Селия кивнула, но я заметила в ее глазах тень сомнения. Впрочем, я больше не желала слушать ее возражений.
– Я, пожалуй, поднимусь к себе и переоденусь к обеду, – сказала я, швырнув в кресло свою треугольную шляпу. – Сегодня слишком холодно выходить на прогулку. Давай лучше отведем детей на галерею и поиграем с ними в волан.
Стоило мне напомнить о детях, и Селия мгновенно просияла, но глаза ее смотрели печально, и в голосе не было радости, когда она воскликнула:
– Да, это чудесная мысль! Они будут счастливы!

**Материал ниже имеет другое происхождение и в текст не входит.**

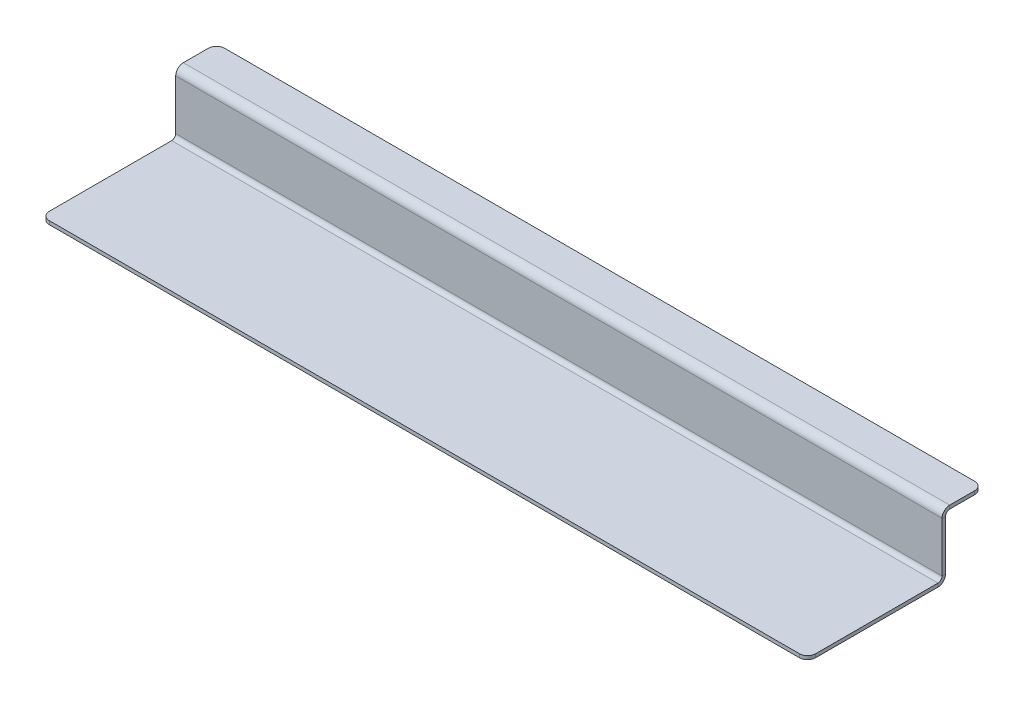
ISO-10303-21;
HEADER;
FILE_DESCRIPTION(('STEP AP214'),'2;1');
FILE_NAME('part.step','',(''),(''),'','','');
FILE_SCHEMA(('AUTOMOTIVE_DESIGN { 1 0 10303 214 1 1 1 1 }'));
ENDSEC;
DATA;
#1=APPLICATION_CONTEXT('core data for automotive mechanical design processes');
#2=APPLICATION_PROTOCOL_DEFINITION('international standard','automotive_design',2000,#1);
#3=PRODUCT_CONTEXT('',#1,'mechanical');
#4=PRODUCT('Part','Part','',(#3));
#5=PRODUCT_RELATED_PRODUCT_CATEGORY('part','',(#4));
#6=PRODUCT_DEFINITION_FORMATION('','',#4);
#7=PRODUCT_DEFINITION_CONTEXT('part definition',#1,'design');
#8=PRODUCT_DEFINITION('design','',#6,#7);
#9=PRODUCT_DEFINITION_SHAPE('','',#8);
#10=(LENGTH_UNIT() NAMED_UNIT(*) SI_UNIT(.MILLI.,.METRE.));
#11=(NAMED_UNIT(*) PLANE_ANGLE_UNIT() SI_UNIT($,.RADIAN.));
#12=(NAMED_UNIT(*) SI_UNIT($,.STERADIAN.) SOLID_ANGLE_UNIT());
#13=UNCERTAINTY_MEASURE_WITH_UNIT(LENGTH_MEASURE(1.E-05),#10,'distance_accuracy_value','');
#14=(GEOMETRIC_REPRESENTATION_CONTEXT(3) GLOBAL_UNCERTAINTY_ASSIGNED_CONTEXT((#13)) GLOBAL_UNIT_ASSIGNED_CONTEXT((#10,
#11,#12)) REPRESENTATION_CONTEXT('',''));
#15=CARTESIAN_POINT('',(0.,0.,0.));
#16=DIRECTION('',(0.,0.,1.));
#17=DIRECTION('',(1.,0.,0.));
#18=AXIS2_PLACEMENT_3D('',#15,#16,#17);
#19=CARTESIAN_POINT('',(596.9,-50.8,31.7500000000002));
#20=DIRECTION('',(-1.,0.,0.));
#21=DIRECTION('',(0.,0.,-1.));
#22=AXIS2_PLACEMENT_3D('',#19,#20,#21);
#23=PLANE('',#22);
#24=DIRECTION('',(0.,0.,-1.));
#25=VECTOR('',#24,1.);
#26=CARTESIAN_POINT('',(596.9,-44.87164,31.7500000000001));
#27=LINE('',#26,#25);
#28=CARTESIAN_POINT('',(596.9,-44.87164,31.7500000000001));
#29=VERTEX_POINT('',#28);
#30=CARTESIAN_POINT('',(596.9,-44.87164,28.9966400000001));
#31=VERTEX_POINT('',#30);
#32=EDGE_CURVE('E204',#29,#31,#27,.T.);
#33=ORIENTED_EDGE('',*,*,#32,.T.);
#34=DIRECTION('',(0.,1.,0.));
#35=VECTOR('',#34,1.);
#36=CARTESIAN_POINT('',(596.9,-50.8,28.9966400000002));
#37=LINE('',#36,#35);
#38=CARTESIAN_POINT('',(596.9,-5.92836000000005,28.99664));
#39=VERTEX_POINT('',#38);
#40=EDGE_CURVE('E219',#39,#31,#37,.F.);
#41=ORIENTED_EDGE('',*,*,#40,.F.);
#42=DIRECTION('',(0.,0.,-1.));
#43=VECTOR('',#42,1.);
#44=CARTESIAN_POINT('',(596.9,-5.92836000000001,28.99664));
#45=LINE('',#44,#43);
#46=CARTESIAN_POINT('',(596.9,-5.92835999999999,31.75));
#47=VERTEX_POINT('',#46);
#48=EDGE_CURVE('E225',#39,#47,#45,.F.);
#49=ORIENTED_EDGE('',*,*,#48,.T.);
#50=DIRECTION('',(0.,-1.,0.));
#51=VECTOR('',#50,1.);
#52=CARTESIAN_POINT('',(596.9,1.19661315799875E-13,31.75));
#53=LINE('',#52,#51);
#54=EDGE_CURVE('E213',#47,#29,#53,.T.);
#55=ORIENTED_EDGE('',*,*,#54,.T.);
#56=EDGE_LOOP('',(#33,#41,#49,#55));
#57=FACE_BOUND('',#56,.T.);
#58=ADVANCED_FACE('F43',(#57),#23,.F.);
#59=CARTESIAN_POINT('',(0.,-2.75335999999999,31.75));
#60=DIRECTION('',(1.,0.,0.));
#61=DIRECTION('',(0.,0.,1.));
#62=AXIS2_PLACEMENT_3D('',#59,#60,#61);
#63=PLANE('',#62);
#64=DIRECTION('',(0.,0.,-1.));
#65=VECTOR('',#64,1.);
#66=CARTESIAN_POINT('',(0.,-44.87164,31.7500000000001));
#67=LINE('',#66,#65);
#68=CARTESIAN_POINT('',(0.,-44.87164,31.7500000000001));
#69=VERTEX_POINT('',#68);
#70=CARTESIAN_POINT('',(0.,-44.87164,28.9966400000001));
#71=VERTEX_POINT('',#70);
#72=EDGE_CURVE('E190',#69,#71,#67,.T.);
#73=ORIENTED_EDGE('',*,*,#72,.F.);
#74=DIRECTION('',(0.,1.,0.));
#75=VECTOR('',#74,1.);
#76=CARTESIAN_POINT('',(0.,1.19661315799875E-13,31.75));
#77=LINE('',#76,#75);
#78=CARTESIAN_POINT('',(0.,-5.92835999999996,31.75));
#79=VERTEX_POINT('',#78);
#80=EDGE_CURVE('E209',#69,#79,#77,.T.);
#81=ORIENTED_EDGE('',*,*,#80,.T.);
#82=DIRECTION('',(0.,0.,-1.));
#83=VECTOR('',#82,1.);
#84=CARTESIAN_POINT('',(0.,-5.92835999999997,31.75));
#85=LINE('',#84,#83);
#86=CARTESIAN_POINT('',(0.,-5.92835999999997,28.99664));
#87=VERTEX_POINT('',#86);
#88=EDGE_CURVE('E207',#87,#79,#85,.F.);
#89=ORIENTED_EDGE('',*,*,#88,.F.);
#90=DIRECTION('',(0.,-1.,0.));
#91=VECTOR('',#90,1.);
#92=CARTESIAN_POINT('',(0.,-2.75336,28.99664));
#93=LINE('',#92,#91);
#94=EDGE_CURVE('E216',#71,#87,#93,.F.);
#95=ORIENTED_EDGE('',*,*,#94,.F.);
#96=EDGE_LOOP('',(#73,#81,#89,#95));
#97=FACE_BOUND('',#96,.T.);
#98=ADVANCED_FACE('F340',(#97),#63,.F.);
#99=CARTESIAN_POINT('',(0.,1.19661315799875E-13,31.75));
#100=DIRECTION('',(0.,0.,-1.));
#101=DIRECTION('',(0.,-1.,0.));
#102=AXIS2_PLACEMENT_3D('',#99,#100,#101);
#103=PLANE('',#102);
#104=DIRECTION('',(-1.,0.,0.));
#105=VECTOR('',#104,1.);
#106=CARTESIAN_POINT('',(0.,-44.87164,31.7500000000001));
#107=LINE('',#106,#105);
#108=EDGE_CURVE('E196',#69,#29,#107,.F.);
#109=ORIENTED_EDGE('',*,*,#108,.T.);
#110=ORIENTED_EDGE('',*,*,#54,.F.);
#111=DIRECTION('',(1.,0.,0.));
#112=VECTOR('',#111,1.);
#113=CARTESIAN_POINT('',(0.,-5.92835999999997,31.75));
#114=LINE('',#113,#112);
#115=EDGE_CURVE('E222',#47,#79,#114,.F.);
#116=ORIENTED_EDGE('',*,*,#115,.T.);
#117=ORIENTED_EDGE('',*,*,#80,.F.);
#118=EDGE_LOOP('',(#109,#110,#116,#117));
#119=FACE_BOUND('',#118,.T.);
#120=ADVANCED_FACE('F335',(#119),#103,.F.);
#121=CARTESIAN_POINT('',(0.,1.10048010740757E-13,28.99664));
#122=DIRECTION('',(0.,0.,-1.));
#123=DIRECTION('',(0.,-1.,0.));
#124=AXIS2_PLACEMENT_3D('',#121,#122,#123);
#125=PLANE('',#124);
#126=ORIENTED_EDGE('',*,*,#94,.T.);
#127=DIRECTION('',(1.,0.,0.));
#128=VECTOR('',#127,1.);
#129=CARTESIAN_POINT('',(0.,-5.92835999999999,28.99664));
#130=LINE('',#129,#128);
#131=EDGE_CURVE('E228',#87,#39,#130,.T.);
#132=ORIENTED_EDGE('',*,*,#131,.T.);
#133=ORIENTED_EDGE('',*,*,#40,.T.);
#134=DIRECTION('',(-1.,0.,0.));
#135=VECTOR('',#134,1.);
#136=CARTESIAN_POINT('',(0.,-44.87164,28.9966400000001));
#137=LINE('',#136,#135);
#138=EDGE_CURVE('E191',#71,#31,#137,.F.);
#139=ORIENTED_EDGE('',*,*,#138,.F.);
#140=EDGE_LOOP('',(#126,#132,#133,#139));
#141=FACE_BOUND('',#140,.T.);
#142=ADVANCED_FACE('F342',(#141),#125,.T.);
#143=CARTESIAN_POINT('',(596.9,-2.75336,0.));
#144=DIRECTION('',(1.,0.,0.));
#145=DIRECTION('',(0.,0.,1.));
#146=AXIS2_PLACEMENT_3D('',#143,#144,#145);
#147=PLANE('',#146);
#148=DIRECTION('',(0.,0.,1.));
#149=VECTOR('',#148,1.);
#150=CARTESIAN_POINT('',(596.9,0.,0.));
#151=LINE('',#150,#149);
#152=CARTESIAN_POINT('',(596.9,0.,6.35));
#153=VERTEX_POINT('',#152);
#154=CARTESIAN_POINT('',(596.9,0.,25.82164));
#155=VERTEX_POINT('',#154);
#156=EDGE_CURVE('E257',#153,#155,#151,.T.);
#157=ORIENTED_EDGE('',*,*,#156,.T.);
#158=DIRECTION('',(0.,1.,0.));
#159=VECTOR('',#158,1.);
#160=CARTESIAN_POINT('',(596.9,-2.75336000000006,25.82164));
#161=LINE('',#160,#159);
#162=CARTESIAN_POINT('',(596.9,-2.75336,25.82164));
#163=VERTEX_POINT('',#162);
#164=EDGE_CURVE('E239',#163,#155,#161,.T.);
#165=ORIENTED_EDGE('',*,*,#164,.F.);
#166=DIRECTION('',(0.,0.,1.));
#167=VECTOR('',#166,1.);
#168=CARTESIAN_POINT('',(596.9,-2.75336,0.));
#169=LINE('',#168,#167);
#170=CARTESIAN_POINT('',(596.9,-2.75336,6.35));
#171=VERTEX_POINT('',#170);
#172=EDGE_CURVE('E260',#171,#163,#169,.T.);
#173=ORIENTED_EDGE('',*,*,#172,.F.);
#174=DIRECTION('',(0.,1.,0.));
#175=VECTOR('',#174,1.);
#176=CARTESIAN_POINT('',(596.9,-2.75336,6.35));
#177=LINE('',#176,#175);
#178=EDGE_CURVE('E279',#153,#171,#177,.F.);
#179=ORIENTED_EDGE('',*,*,#178,.F.);
#180=EDGE_LOOP('',(#157,#165,#173,#179));
#181=FACE_BOUND('',#180,.T.);
#182=ADVANCED_FACE('F386',(#181),#147,.T.);
#183=CARTESIAN_POINT('',(0.,-2.75336,0.));
#184=DIRECTION('',(0.,-1.,0.));
#185=DIRECTION('',(0.,0.,1.));
#186=AXIS2_PLACEMENT_3D('',#183,#184,#185);
#187=PLANE('',#186);
#188=ORIENTED_EDGE('',*,*,#172,.T.);
#189=DIRECTION('',(1.,0.,0.));
#190=VECTOR('',#189,1.);
#191=CARTESIAN_POINT('',(596.9,-2.75336000000006,25.82164));
#192=LINE('',#191,#190);
#193=CARTESIAN_POINT('',(0.,-2.75336,25.82164));
#194=VERTEX_POINT('',#193);
#195=EDGE_CURVE('E243',#163,#194,#192,.F.);
#196=ORIENTED_EDGE('',*,*,#195,.T.);
#197=DIRECTION('',(0.,0.,-1.));
#198=VECTOR('',#197,1.);
#199=CARTESIAN_POINT('',(0.,-2.75336,0.));
#200=LINE('',#199,#198);
#201=CARTESIAN_POINT('',(0.,-2.75336,6.35));
#202=VERTEX_POINT('',#201);
#203=EDGE_CURVE('E253',#194,#202,#200,.T.);
#204=ORIENTED_EDGE('',*,*,#203,.T.);
#205=CARTESIAN_POINT('',(6.35,-2.75336,6.35));
#206=DIRECTION('',(0.,1.,0.));
#207=DIRECTION('',(0.,0.,1.));
#208=AXIS2_PLACEMENT_3D('',#205,#206,#207);
#209=CIRCLE('',#208,6.35);
#210=CARTESIAN_POINT('',(6.35,-2.75336,0.));
#211=VERTEX_POINT('',#210);
#212=EDGE_CURVE('E282',#211,#202,#209,.T.);
#213=ORIENTED_EDGE('',*,*,#212,.F.);
#214=DIRECTION('',(1.,0.,0.));
#215=VECTOR('',#214,1.);
#216=CARTESIAN_POINT('',(0.,-2.75336,0.));
#217=LINE('',#216,#215);
#218=CARTESIAN_POINT('',(590.55,-2.75336,0.));
#219=VERTEX_POINT('',#218);
#220=EDGE_CURVE('E256',#211,#219,#217,.T.);
#221=ORIENTED_EDGE('',*,*,#220,.T.);
#222=CARTESIAN_POINT('',(590.55,-2.75336,6.35));
#223=DIRECTION('',(0.,1.,0.));
#224=DIRECTION('',(0.,0.,1.));
#225=AXIS2_PLACEMENT_3D('',#222,#223,#224);
#226=CIRCLE('',#225,6.35);
#227=EDGE_CURVE('E285',#171,#219,#226,.T.);
#228=ORIENTED_EDGE('',*,*,#227,.F.);
#229=EDGE_LOOP('',(#188,#196,#204,#213,#221,#228));
#230=FACE_BOUND('',#229,.T.);
#231=ADVANCED_FACE('F364',(#230),#187,.T.);
#232=CARTESIAN_POINT('',(0.,0.,0.));
#233=DIRECTION('',(0.,-1.,0.));
#234=DIRECTION('',(0.,0.,1.));
#235=AXIS2_PLACEMENT_3D('',#232,#233,#234);
#236=PLANE('',#235);
#237=DIRECTION('',(1.,0.,0.));
#238=VECTOR('',#237,1.);
#239=CARTESIAN_POINT('',(0.,0.,0.));
#240=LINE('',#239,#238);
#241=CARTESIAN_POINT('',(6.35,0.,0.));
#242=VERTEX_POINT('',#241);
#243=CARTESIAN_POINT('',(590.55,0.,0.));
#244=VERTEX_POINT('',#243);
#245=EDGE_CURVE('E266',#242,#244,#240,.T.);
#246=ORIENTED_EDGE('',*,*,#245,.F.);
#247=CARTESIAN_POINT('',(6.35,0.,6.35));
#248=DIRECTION('',(0.,1.,0.));
#249=DIRECTION('',(0.,0.,1.));
#250=AXIS2_PLACEMENT_3D('',#247,#248,#249);
#251=CIRCLE('',#250,6.35);
#252=CARTESIAN_POINT('',(0.,0.,6.35));
#253=VERTEX_POINT('',#252);
#254=EDGE_CURVE('E274',#253,#242,#251,.F.);
#255=ORIENTED_EDGE('',*,*,#254,.F.);
#256=DIRECTION('',(0.,0.,-1.));
#257=VECTOR('',#256,1.);
#258=CARTESIAN_POINT('',(0.,0.,0.));
#259=LINE('',#258,#257);
#260=CARTESIAN_POINT('',(0.,0.,25.82164));
#261=VERTEX_POINT('',#260);
#262=EDGE_CURVE('E250',#261,#253,#259,.T.);
#263=ORIENTED_EDGE('',*,*,#262,.F.);
#264=DIRECTION('',(1.,0.,0.));
#265=VECTOR('',#264,1.);
#266=CARTESIAN_POINT('',(596.9,0.,25.82164));
#267=LINE('',#266,#265);
#268=EDGE_CURVE('E233',#155,#261,#267,.F.);
#269=ORIENTED_EDGE('',*,*,#268,.F.);
#270=ORIENTED_EDGE('',*,*,#156,.F.);
#271=CARTESIAN_POINT('',(590.55,0.,6.35));
#272=DIRECTION('',(0.,1.,0.));
#273=DIRECTION('',(0.,0.,1.));
#274=AXIS2_PLACEMENT_3D('',#271,#272,#273);
#275=CIRCLE('',#274,6.35);
#276=EDGE_CURVE('E277',#244,#153,#275,.F.);
#277=ORIENTED_EDGE('',*,*,#276,.F.);
#278=EDGE_LOOP('',(#246,#255,#263,#269,#270,#277));
#279=FACE_BOUND('',#278,.T.);
#280=ADVANCED_FACE('F458',(#279),#236,.F.);
#281=CARTESIAN_POINT('',(0.,-2.75336,0.));
#282=DIRECTION('',(-1.,0.,0.));
#283=DIRECTION('',(0.,0.,-1.));
#284=AXIS2_PLACEMENT_3D('',#281,#282,#283);
#285=PLANE('',#284);
#286=ORIENTED_EDGE('',*,*,#203,.F.);
#287=DIRECTION('',(0.,1.,0.));
#288=VECTOR('',#287,1.);
#289=CARTESIAN_POINT('',(0.,-2.75335999999998,25.82164));
#290=LINE('',#289,#288);
#291=EDGE_CURVE('E247',#194,#261,#290,.T.);
#292=ORIENTED_EDGE('',*,*,#291,.T.);
#293=ORIENTED_EDGE('',*,*,#262,.T.);
#294=DIRECTION('',(0.,1.,0.));
#295=VECTOR('',#294,1.);
#296=CARTESIAN_POINT('',(0.,-2.75336,6.35));
#297=LINE('',#296,#295);
#298=EDGE_CURVE('E11',#202,#253,#297,.T.);
#299=ORIENTED_EDGE('',*,*,#298,.F.);
#300=EDGE_LOOP('',(#286,#292,#293,#299));
#301=FACE_BOUND('',#300,.T.);
#302=ADVANCED_FACE('F360',(#301),#285,.T.);
#303=CARTESIAN_POINT('',(0.,-2.75336,0.));
#304=DIRECTION('',(0.,0.,-1.));
#305=DIRECTION('',(1.,0.,0.));
#306=AXIS2_PLACEMENT_3D('',#303,#304,#305);
#307=PLANE('',#306);
#308=ORIENTED_EDGE('',*,*,#220,.F.);
#309=DIRECTION('',(0.,1.,0.));
#310=VECTOR('',#309,1.);
#311=CARTESIAN_POINT('',(6.35,-2.75336,0.));
#312=LINE('',#311,#310);
#313=EDGE_CURVE('E263',#242,#211,#312,.F.);
#314=ORIENTED_EDGE('',*,*,#313,.F.);
#315=ORIENTED_EDGE('',*,*,#245,.T.);
#316=DIRECTION('',(0.,1.,0.));
#317=VECTOR('',#316,1.);
#318=CARTESIAN_POINT('',(590.55,-2.75336,0.));
#319=LINE('',#318,#317);
#320=EDGE_CURVE('E272',#219,#244,#319,.T.);
#321=ORIENTED_EDGE('',*,*,#320,.F.);
#322=EDGE_LOOP('',(#308,#314,#315,#321));
#323=FACE_BOUND('',#322,.T.);
#324=ADVANCED_FACE('F457',(#323),#307,.T.);
#325=CARTESIAN_POINT('',(0.,-5.92835999999998,25.82164));
#326=DIRECTION('',(-1.,0.,0.));
#327=DIRECTION('',(0.,-1.,0.));
#328=AXIS2_PLACEMENT_3D('',#325,#326,#327);
#329=PLANE('',#328);
#330=ORIENTED_EDGE('',*,*,#88,.T.);
#331=CARTESIAN_POINT('',(0.,-5.92835999999998,25.82164));
#332=DIRECTION('',(-1.,0.,0.));
#333=DIRECTION('',(0.,1.,0.));
#334=AXIS2_PLACEMENT_3D('',#331,#332,#333);
#335=CIRCLE('',#334,5.92836);
#336=EDGE_CURVE('E236',#261,#79,#335,.F.);
#337=ORIENTED_EDGE('',*,*,#336,.F.);
#338=ORIENTED_EDGE('',*,*,#291,.F.);
#339=CARTESIAN_POINT('',(0.,-5.92835999999998,25.82164));
#340=DIRECTION('',(-1.,0.,0.));
#341=DIRECTION('',(0.,1.,0.));
#342=AXIS2_PLACEMENT_3D('',#339,#340,#341);
#343=CIRCLE('',#342,3.175);
#344=EDGE_CURVE('E241',#194,#87,#343,.F.);
#345=ORIENTED_EDGE('',*,*,#344,.T.);
#346=EDGE_LOOP('',(#330,#337,#338,#345));
#347=FACE_BOUND('',#346,.T.);
#348=ADVANCED_FACE('F357',(#347),#329,.T.);
#349=CARTESIAN_POINT('',(596.9,-5.92836000000006,25.82164));
#350=DIRECTION('',(-1.,0.,0.));
#351=DIRECTION('',(0.,-1.,0.));
#352=AXIS2_PLACEMENT_3D('',#349,#350,#351);
#353=PLANE('',#352);
#354=CARTESIAN_POINT('',(596.9,-5.92836000000006,25.82164));
#355=DIRECTION('',(-1.,0.,0.));
#356=DIRECTION('',(0.,1.,0.));
#357=AXIS2_PLACEMENT_3D('',#354,#355,#356);
#358=CIRCLE('',#357,3.175);
#359=EDGE_CURVE('E212',#39,#163,#358,.T.);
#360=ORIENTED_EDGE('',*,*,#359,.T.);
#361=ORIENTED_EDGE('',*,*,#164,.T.);
#362=CARTESIAN_POINT('',(596.9,-5.92836000000006,25.82164));
#363=DIRECTION('',(-1.,0.,0.));
#364=DIRECTION('',(0.,1.,0.));
#365=AXIS2_PLACEMENT_3D('',#362,#363,#364);
#366=CIRCLE('',#365,5.92836);
#367=EDGE_CURVE('E237',#47,#155,#366,.T.);
#368=ORIENTED_EDGE('',*,*,#367,.F.);
#369=ORIENTED_EDGE('',*,*,#48,.F.);
#370=EDGE_LOOP('',(#360,#361,#368,#369));
#371=FACE_BOUND('',#370,.T.);
#372=ADVANCED_FACE('F348',(#371),#353,.F.);
#373=CARTESIAN_POINT('',(596.9,-5.92836000000006,25.82164));
#374=DIRECTION('',(1.,0.,0.));
#375=DIRECTION('',(0.,0.,1.));
#376=AXIS2_PLACEMENT_3D('',#373,#374,#375);
#377=CYLINDRICAL_SURFACE('',#376,5.92836);
#378=ORIENTED_EDGE('',*,*,#268,.T.);
#379=ORIENTED_EDGE('',*,*,#336,.T.);
#380=ORIENTED_EDGE('',*,*,#115,.F.);
#381=ORIENTED_EDGE('',*,*,#367,.T.);
#382=EDGE_LOOP('',(#378,#379,#380,#381));
#383=FACE_BOUND('',#382,.T.);
#384=ADVANCED_FACE('F353',(#383),#377,.T.);
#385=CARTESIAN_POINT('',(596.9,-5.92836000000006,25.82164));
#386=DIRECTION('',(1.,0.,0.));
#387=DIRECTION('',(0.,0.,1.));
#388=AXIS2_PLACEMENT_3D('',#385,#386,#387);
#389=CYLINDRICAL_SURFACE('',#388,3.175);
#390=ORIENTED_EDGE('',*,*,#195,.F.);
#391=ORIENTED_EDGE('',*,*,#359,.F.);
#392=ORIENTED_EDGE('',*,*,#131,.F.);
#393=ORIENTED_EDGE('',*,*,#344,.F.);
#394=EDGE_LOOP('',(#390,#391,#392,#393));
#395=FACE_BOUND('',#394,.T.);
#396=ADVANCED_FACE('F367',(#395),#389,.F.);
#397=CARTESIAN_POINT('',(596.9,-44.87164,34.9250000000002));
#398=DIRECTION('',(1.,0.,0.));
#399=DIRECTION('',(0.,0.,1.));
#400=AXIS2_PLACEMENT_3D('',#397,#398,#399);
#401=PLANE('',#400);
#402=DIRECTION('',(0.,1.,0.));
#403=VECTOR('',#402,1.);
#404=CARTESIAN_POINT('',(596.9,-50.8,34.9250000000002));
#405=LINE('',#404,#403);
#406=CARTESIAN_POINT('',(596.9,-48.04664,34.9250000000002));
#407=VERTEX_POINT('',#406);
#408=CARTESIAN_POINT('',(596.9,-50.8,34.9250000000002));
#409=VERTEX_POINT('',#408);
#410=EDGE_CURVE('E314',#407,#409,#405,.F.);
#411=ORIENTED_EDGE('',*,*,#410,.T.);
#412=CARTESIAN_POINT('',(596.9,-44.87164,34.9250000000002));
#413=DIRECTION('',(1.,0.,0.));
#414=DIRECTION('',(0.,0.,-1.));
#415=AXIS2_PLACEMENT_3D('',#412,#413,#414);
#416=CIRCLE('',#415,5.92836);
#417=EDGE_CURVE('E173',#31,#409,#416,.F.);
#418=ORIENTED_EDGE('',*,*,#417,.F.);
#419=ORIENTED_EDGE('',*,*,#32,.F.);
#420=CARTESIAN_POINT('',(596.9,-44.87164,34.9250000000002));
#421=DIRECTION('',(1.,0.,0.));
#422=DIRECTION('',(0.,0.,-1.));
#423=AXIS2_PLACEMENT_3D('',#420,#421,#422);
#424=CIRCLE('',#423,3.175);
#425=EDGE_CURVE('E192',#29,#407,#424,.F.);
#426=ORIENTED_EDGE('',*,*,#425,.T.);
#427=EDGE_LOOP('',(#411,#418,#419,#426));
#428=FACE_BOUND('',#427,.T.);
#429=ADVANCED_FACE('F317',(#428),#401,.T.);
#430=CARTESIAN_POINT('',(0.,-44.87164,34.9250000000002));
#431=DIRECTION('',(1.,0.,0.));
#432=DIRECTION('',(0.,0.,1.));
#433=AXIS2_PLACEMENT_3D('',#430,#431,#432);
#434=PLANE('',#433);
#435=CARTESIAN_POINT('',(0.,-44.87164,34.9250000000002));
#436=DIRECTION('',(1.,0.,0.));
#437=DIRECTION('',(0.,0.,-1.));
#438=AXIS2_PLACEMENT_3D('',#435,#436,#437);
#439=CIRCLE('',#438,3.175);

Так, малой ценой я избавилась от бесконечных вопросов Селии о том, когда Джон вернется домой, – всего лишь играя в волан с ней, с двумя преданными няньками и с двумя детьми, которые были слишком малы, чтобы играть в такую игру. И хотя это было безумно скучно, я на какое-то время обрела свободу от мыслей о мистере Льюэлине, о правах на наследство и о необходимости как можно скорее раздобыть весьма крупную сумму денег.
Селия считала, что уж к Рождеству-то Джон точно вернется домой, но Рождество наступило и прошло, а Джон был все еще недостаточно здоров, чтобы вернуться. Устроить большой рождественский пир, как это делалось обычно, мы в этом году не могли, поскольку были вынуждены соблюдать траур, но доктор Пиерс предложил устроить у него в доме праздник для деревенских детей и пригласил туда Гарри, Селию и меня.
По-моему, мы устроили бы детский праздник гораздо лучше; во всяком случае, угощение уж точно приготовили и более вкусное, и более разнообразное. Мисс Грин – домоправительница викария и сестра нашего мельника – имела свои, стародевические представления о том, что именно и в каком количестве следует есть деревенским детям. В общем, в этот день я подъехала к церкви с полной повозкой мяса, хлеба, фруктового желе, сладостей и лимонада. Праздник должен был начаться сразу после церковной службы. Гарри, Селия и я пошли к домику викария пешком, по дороге здороваясь с наиболее зажиточными арендаторами и поздравляя их с Рождеством.